:: TASK INPUTS ::
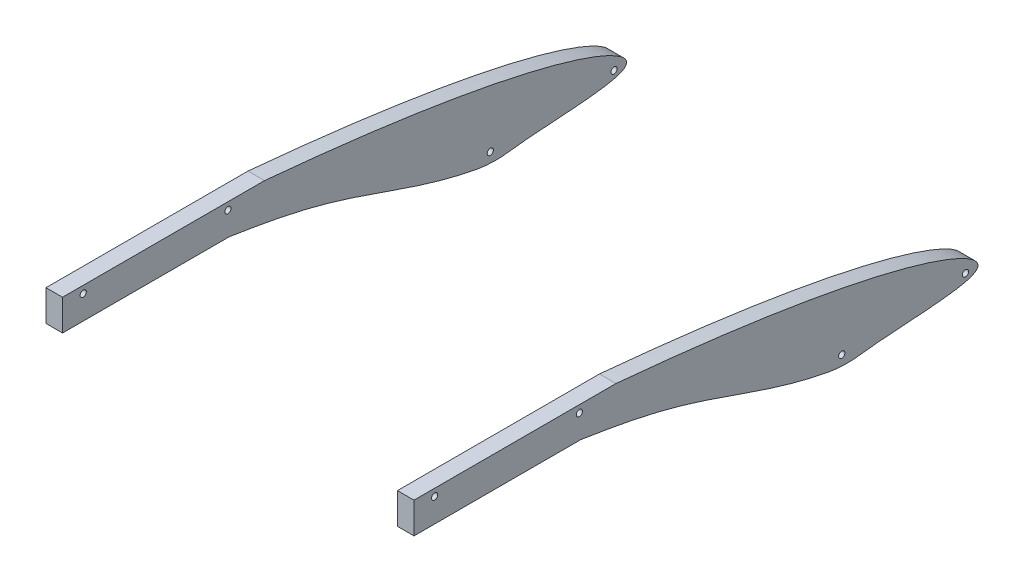
ISO-10303-21;
HEADER;
FILE_DESCRIPTION(('STEP AP214'),'2;1');
FILE_NAME('part.step','',(''),(''),'','','');
FILE_SCHEMA(('AUTOMOTIVE_DESIGN { 1 0 10303 214 1 1 1 1 }'));
ENDSEC;
DATA;
#1=APPLICATION_CONTEXT('core data for automotive mechanical design processes');
#2=APPLICATION_PROTOCOL_DEFINITION('international standard','automotive_design',2000,#1);
#3=PRODUCT_CONTEXT('',#1,'mechanical');
#4=PRODUCT('Part','Part','',(#3));
#5=PRODUCT_RELATED_PRODUCT_CATEGORY('part','',(#4));
#6=PRODUCT_DEFINITION_FORMATION('','',#4);
#7=PRODUCT_DEFINITION_CONTEXT('part definition',#1,'design');
#8=PRODUCT_DEFINITION('design','',#6,#7);
#9=PRODUCT_DEFINITION_SHAPE('','',#8);
#10=(LENGTH_UNIT() NAMED_UNIT(*) SI_UNIT(.MILLI.,.METRE.));
#11=(NAMED_UNIT(*) PLANE_ANGLE_UNIT() SI_UNIT($,.RADIAN.));
#12=(NAMED_UNIT(*) SI_UNIT($,.STERADIAN.) SOLID_ANGLE_UNIT());
#13=UNCERTAINTY_MEASURE_WITH_UNIT(LENGTH_MEASURE(1.E-05),#10,'distance_accuracy_value','');
#14=(GEOMETRIC_REPRESENTATION_CONTEXT(3) GLOBAL_UNCERTAINTY_ASSIGNED_CONTEXT((#13)) GLOBAL_UNIT_ASSIGNED_CONTEXT((#10,
#11,#12)) REPRESENTATION_CONTEXT('',''));
#15=CARTESIAN_POINT('',(0.,0.,0.));
#16=DIRECTION('',(0.,0.,1.));
#17=DIRECTION('',(1.,0.,0.));
#18=AXIS2_PLACEMENT_3D('',#15,#16,#17);
#19=CARTESIAN_POINT('',(162.,184.,240.000000000118));
#20=DIRECTION('',(0.,1.,0.));
#21=DIRECTION('',(0.,0.,1.));
#22=AXIS2_PLACEMENT_3D('',#19,#20,#21);
#23=PLANE('',#22);
#24=DIRECTION('',(1.,0.,0.));
#25=VECTOR('',#24,1.);
#26=CARTESIAN_POINT('',(162.,184.,44.5807056449326));
#27=LINE('',#26,#25);
#28=CARTESIAN_POINT('',(162.,184.,44.5807056449326));
#29=VERTEX_POINT('',#28);
#30=CARTESIAN_POINT('',(178.,184.,44.5807056449326));
#31=VERTEX_POINT('',#30);
#32=EDGE_CURVE('E46',#29,#31,#27,.T.);
#33=ORIENTED_EDGE('',*,*,#32,.F.);
#34=DIRECTION('',(0.,0.,-1.));
#35=VECTOR('',#34,1.);
#36=CARTESIAN_POINT('',(162.,184.,240.000000000118));
#37=LINE('',#36,#35);
#38=CARTESIAN_POINT('',(162.,184.,240.000000000118));
#39=VERTEX_POINT('',#38);
#40=EDGE_CURVE('E153',#39,#29,#37,.T.);
#41=ORIENTED_EDGE('',*,*,#40,.F.);
#42=DIRECTION('',(1.,0.,0.));
#43=VECTOR('',#42,1.);
#44=CARTESIAN_POINT('',(162.,184.,240.000000000118));
#45=LINE('',#44,#43);
#46=CARTESIAN_POINT('',(178.,184.,240.000000000118));
#47=VERTEX_POINT('',#46);
#48=EDGE_CURVE('E12',#39,#47,#45,.T.);
#49=ORIENTED_EDGE('',*,*,#48,.T.);
#50=DIRECTION('',(0.,0.,-1.));
#51=VECTOR('',#50,1.);
#52=CARTESIAN_POINT('',(178.,184.,240.000000000118));
#53=LINE('',#52,#51);
#54=EDGE_CURVE('E101',#47,#31,#53,.T.);
#55=ORIENTED_EDGE('',*,*,#54,.T.);
#56=EDGE_LOOP('',(#33,#41,#49,#55));
#57=FACE_BOUND('',#56,.T.);
#58=ADVANCED_FACE('F43',(#57),#23,.T.);
#59=CARTESIAN_POINT('',(162.,184.,240.000000000118));
#60=DIRECTION('',(0.,0.,-1.));
#61=DIRECTION('',(1.,0.,0.));
#62=AXIS2_PLACEMENT_3D('',#59,#60,#61);
#63=PLANE('',#62);
#64=ORIENTED_EDGE('',*,*,#48,.F.);
#65=DIRECTION('',(0.,-1.,0.));
#66=VECTOR('',#65,1.);
#67=CARTESIAN_POINT('',(162.,184.,240.000000000118));
#68=LINE('',#67,#66);
#69=CARTESIAN_POINT('',(162.,154.,240.000000000118));
#70=VERTEX_POINT('',#69);
#71=EDGE_CURVE('E59',#39,#70,#68,.T.);
#72=ORIENTED_EDGE('',*,*,#71,.T.);
#73=DIRECTION('',(1.,0.,0.));
#74=VECTOR('',#73,1.);
#75=CARTESIAN_POINT('',(162.,154.,240.000000000118));
#76=LINE('',#75,#74);
#77=CARTESIAN_POINT('',(178.,154.,240.000000000118));
#78=VERTEX_POINT('',#77);
#79=EDGE_CURVE('E51',#70,#78,#76,.T.);
#80=ORIENTED_EDGE('',*,*,#79,.T.);
#81=DIRECTION('',(0.,-1.,0.));
#82=VECTOR('',#81,1.);
#83=CARTESIAN_POINT('',(178.,184.,240.000000000118));
#84=LINE('',#83,#82);
#85=EDGE_CURVE('E144',#47,#78,#84,.T.);
#86=ORIENTED_EDGE('',*,*,#85,.F.);
#87=EDGE_LOOP('',(#64,#72,#80,#86));
#88=FACE_BOUND('',#87,.T.);
#89=ADVANCED_FACE('F189',(#88),#63,.F.);
#90=CARTESIAN_POINT('',(162.,154.,240.000000000118));
#91=DIRECTION('',(0.,1.,0.));
#92=DIRECTION('',(0.,0.,1.));
#93=AXIS2_PLACEMENT_3D('',#90,#91,#92);
#94=PLANE('',#93);
#95=ORIENTED_EDGE('',*,*,#79,.F.);
#96=DIRECTION('',(0.,0.,-1.));
#97=VECTOR('',#96,1.);
#98=CARTESIAN_POINT('',(162.,154.,240.000000000118));
#99=LINE('',#98,#97);
#100=CARTESIAN_POINT('',(162.,154.,78.7799428759968));
#101=VERTEX_POINT('',#100);
#102=EDGE_CURVE('E64',#70,#101,#99,.T.);
#103=ORIENTED_EDGE('',*,*,#102,.T.);
#104=DIRECTION('',(1.,0.,0.));
#105=VECTOR('',#104,1.);
#106=CARTESIAN_POINT('',(162.,154.,78.7799428759968));
#107=LINE('',#106,#105);
#108=CARTESIAN_POINT('',(178.,154.,78.7799428759968));
#109=VERTEX_POINT('',#108);
#110=EDGE_CURVE('E126',#101,#109,#107,.T.);
#111=ORIENTED_EDGE('',*,*,#110,.T.);
#112=DIRECTION('',(0.,0.,-1.));
#113=VECTOR('',#112,1.);
#114=CARTESIAN_POINT('',(178.,154.,240.000000000118));
#115=LINE('',#114,#113);
#116=EDGE_CURVE('E142',#78,#109,#115,.T.);
#117=ORIENTED_EDGE('',*,*,#116,.F.);
#118=EDGE_LOOP('',(#95,#103,#111,#117));
#119=FACE_BOUND('',#118,.T.);
#120=ADVANCED_FACE('F169',(#119),#94,.F.);
#121=CARTESIAN_POINT('',(162.,90.7808292595924,-161.09284313333));
#122=CARTESIAN_POINT('',(162.,103.326483389287,-92.5189432075794));
#123=CARTESIAN_POINT('',(162.,130.858776096243,-43.1516900653604));
#124=CARTESIAN_POINT('',(162.,141.508864751475,-1.80539436704717));
#125=CARTESIAN_POINT('',(162.,154.,78.7799428759968));
#126=B_SPLINE_CURVE_WITH_KNOTS('',4,(#121,#122,#123,#124,#125),.UNSPECIFIED.,.F.,.F.,(5,5),(0.,
1.),.UNSPECIFIED.);
#127=DIRECTION('',(1.,0.,0.));
#128=VECTOR('',#127,1.);
#129=SURFACE_OF_LINEAR_EXTRUSION('',#126,#128);
#130=ORIENTED_EDGE('',*,*,#110,.F.);
#131=CARTESIAN_POINT('',(162.,90.7808292595924,-161.09284313333));
#132=VERTEX_POINT('',#131);
#133=EDGE_CURVE('E121',#132,#101,#126,.T.);
#134=ORIENTED_EDGE('',*,*,#133,.F.);
#135=DIRECTION('',(1.,0.,0.));
#136=VECTOR('',#135,1.);
#137=CARTESIAN_POINT('',(162.,90.7808292595924,-161.09284313333));
#138=LINE('',#137,#136);
#139=CARTESIAN_POINT('',(178.,90.7808292595924,-161.09284313333));
#140=VERTEX_POINT('',#139);
#141=EDGE_CURVE('E117',#132,#140,#138,.T.);
#142=ORIENTED_EDGE('',*,*,#141,.T.);
#143=CARTESIAN_POINT('',(178.,90.7808292595924,-161.09284313333));
#144=CARTESIAN_POINT('',(178.,103.326483389287,-92.5189432075794));
#145=CARTESIAN_POINT('',(178.,130.858776096243,-43.1516900653604));
#146=CARTESIAN_POINT('',(178.,141.508864751475,-1.80539436704717));
#147=CARTESIAN_POINT('',(178.,154.,78.7799428759968));
#148=B_SPLINE_CURVE_WITH_KNOTS('',4,(#143,#144,#145,#146,#147),.UNSPECIFIED.,.F.,.F.,(5,5),(0.,
1.),.UNSPECIFIED.);
#149=EDGE_CURVE('E135',#140,#109,#148,.T.);
#150=ORIENTED_EDGE('',*,*,#149,.T.);
#151=EDGE_LOOP('',(#130,#134,#142,#150));
#152=FACE_BOUND('',#151,.T.);
#153=ADVANCED_FACE('F134',(#152),#129,.F.);
#154=CARTESIAN_POINT('',(162.,189.148151453253,-179.08922956085));
#155=DIRECTION('',(1.,0.,0.));
#156=DIRECTION('',(0.,0.,1.));
#157=AXIS2_PLACEMENT_3D('',#154,#155,#156);
#158=CYLINDRICAL_SURFACE('',#157,100.);
#159=ORIENTED_EDGE('',*,*,#141,.F.);
#160=CARTESIAN_POINT('',(162.,189.148151453253,-179.08922956085));
#161=DIRECTION('',(-1.,0.,0.));
#162=DIRECTION('',(0.,0.,1.));
#163=AXIS2_PLACEMENT_3D('',#160,#161,#162);
#164=CIRCLE('',#163,100.);
#165=CARTESIAN_POINT('',(162.,90.1430195181155,-193.159902981339));
#166=VERTEX_POINT('',#165);
#167=EDGE_CURVE('E140',#166,#132,#164,.T.);
#168=ORIENTED_EDGE('',*,*,#167,.F.);
#169=DIRECTION('',(1.,0.,0.));
#170=VECTOR('',#169,1.);
#171=CARTESIAN_POINT('',(162.,90.1430195181155,-193.159902981339));
#172=LINE('',#171,#170);
#173=CARTESIAN_POINT('',(178.,90.1430195181155,-193.159902981339));
#174=VERTEX_POINT('',#173);
#175=EDGE_CURVE('E116',#166,#174,#172,.T.);
#176=ORIENTED_EDGE('',*,*,#175,.T.);
#177=CARTESIAN_POINT('',(178.,189.148151453253,-179.08922956085));
#178=DIRECTION('',(-1.,0.,0.));
#179=DIRECTION('',(0.,0.,1.));
#180=AXIS2_PLACEMENT_3D('',#177,#178,#179);
#181=CIRCLE('',#180,100.);
#182=EDGE_CURVE('E103',#174,#140,#181,.T.);
#183=ORIENTED_EDGE('',*,*,#182,.T.);
#184=EDGE_LOOP('',(#159,#168,#176,#183));
#185=FACE_BOUND('',#184,.T.);
#186=ADVANCED_FACE('F139',(#185),#158,.T.);
#187=CARTESIAN_POINT('',(162.,184.,44.5807056449326));
#188=CARTESIAN_POINT('',(162.,174.527100953056,-57.7679798515222));
#189=CARTESIAN_POINT('',(162.,149.248640344591,-305.521879124602));
#190=CARTESIAN_POINT('',(162.,116.120839414258,-306.889667666517));
#191=CARTESIAN_POINT('',(162.,107.106894680746,-325.983667032139));
#192=CARTESIAN_POINT('',(162.,102.442751762721,-312.443719398681));
#193=CARTESIAN_POINT('',(162.,94.8105876029087,-318.808841179586));
#194=CARTESIAN_POINT('',(162.,96.0575753603031,-234.776346202943));
#195=CARTESIAN_POINT('',(162.,90.1430195181155,-193.159902981339));
#196=B_SPLINE_CURVE_WITH_KNOTS('',8,(#187,#188,#189,#190,#191,#192,#193,#194,#195),
.UNSPECIFIED.,.F.,.F.,(9,9),(0.,1.),.UNSPECIFIED.);
#197=DIRECTION('',(1.,0.,0.));
#198=VECTOR('',#197,1.);
#199=SURFACE_OF_LINEAR_EXTRUSION('',#196,#198);
#200=ORIENTED_EDGE('',*,*,#175,.F.);
#201=EDGE_CURVE('E115',#29,#166,#196,.T.);
#202=ORIENTED_EDGE('',*,*,#201,.F.);
#203=ORIENTED_EDGE('',*,*,#32,.T.);
#204=CARTESIAN_POINT('',(178.,184.,44.5807056449326));
#205=CARTESIAN_POINT('',(178.,174.527100953056,-57.7679798515222));
#206=CARTESIAN_POINT('',(178.,149.248640344591,-305.521879124602));
#207=CARTESIAN_POINT('',(178.,116.120839414258,-306.889667666517));
#208=CARTESIAN_POINT('',(178.,107.106894680746,-325.983667032139));
#209=CARTESIAN_POINT('',(178.,102.442751762721,-312.443719398681));
#210=CARTESIAN_POINT('',(178.,94.8105876029087,-318.808841179586));
#211=CARTESIAN_POINT('',(178.,96.0575753603031,-234.776346202943));
#212=CARTESIAN_POINT('',(178.,90.1430195181155,-193.159902981339));
#213=B_SPLINE_CURVE_WITH_KNOTS('',8,(#204,#205,#206,#207,#208,#209,#210,#211,#212),
.UNSPECIFIED.,.F.,.F.,(9,9),(0.,1.),.UNSPECIFIED.);
#214=EDGE_CURVE('E97',#31,#174,#213,.T.);
#215=ORIENTED_EDGE('',*,*,#214,.T.);
#216=EDGE_LOOP('',(#200,#202,#203,#215));
#217=FACE_BOUND('',#216,.T.);
#218=ADVANCED_FACE('F114',(#217),#199,.F.);
#219=CARTESIAN_POINT('',(162.,113.318447445774,-302.62390758668));
#220=DIRECTION('',(-1.,0.,0.));
#221=DIRECTION('',(0.,0.,-1.));
#222=AXIS2_PLACEMENT_3D('',#219,#220,#221);
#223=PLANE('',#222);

:: TASK ::
Return a word-for-word copy of the lines above from the one holding "#141=EDGE_CURVE('E117',#132,#140,#138,.T.);" through the one holding "#153=ADVANCED_FACE('F134',(#152),#129,.F.);", with both of them included and nothing besides.

:: WRITTEN RESPONSE ::
#141=EDGE_CURVE('E117',#132,#140,#138,.T.);
#142=ORIENTED_EDGE('',*,*,#141,.T.);
#143=CARTESIAN_POINT('',(178.,90.7808292595924,-161.09284313333));
#144=CARTESIAN_POINT('',(178.,103.326483389287,-92.5189432075794));
#145=CARTESIAN_POINT('',(178.,130.858776096243,-43.1516900653604));
#146=CARTESIAN_POINT('',(178.,141.508864751475,-1.80539436704717));
#147=CARTESIAN_POINT('',(178.,154.,78.7799428759968));
#148=B_SPLINE_CURVE_WITH_KNOTS('',4,(#143,#144,#145,#146,#147),.UNSPECIFIED.,.F.,.F.,(5,5),(0.,
1.),.UNSPECIFIED.);
#149=EDGE_CURVE('E135',#140,#109,#148,.T.);
#150=ORIENTED_EDGE('',*,*,#149,.T.);
#151=EDGE_LOOP('',(#130,#134,#142,#150));
#152=FACE_BOUND('',#151,.T.);
#153=ADVANCED_FACE('F134',(#152),#129,.F.);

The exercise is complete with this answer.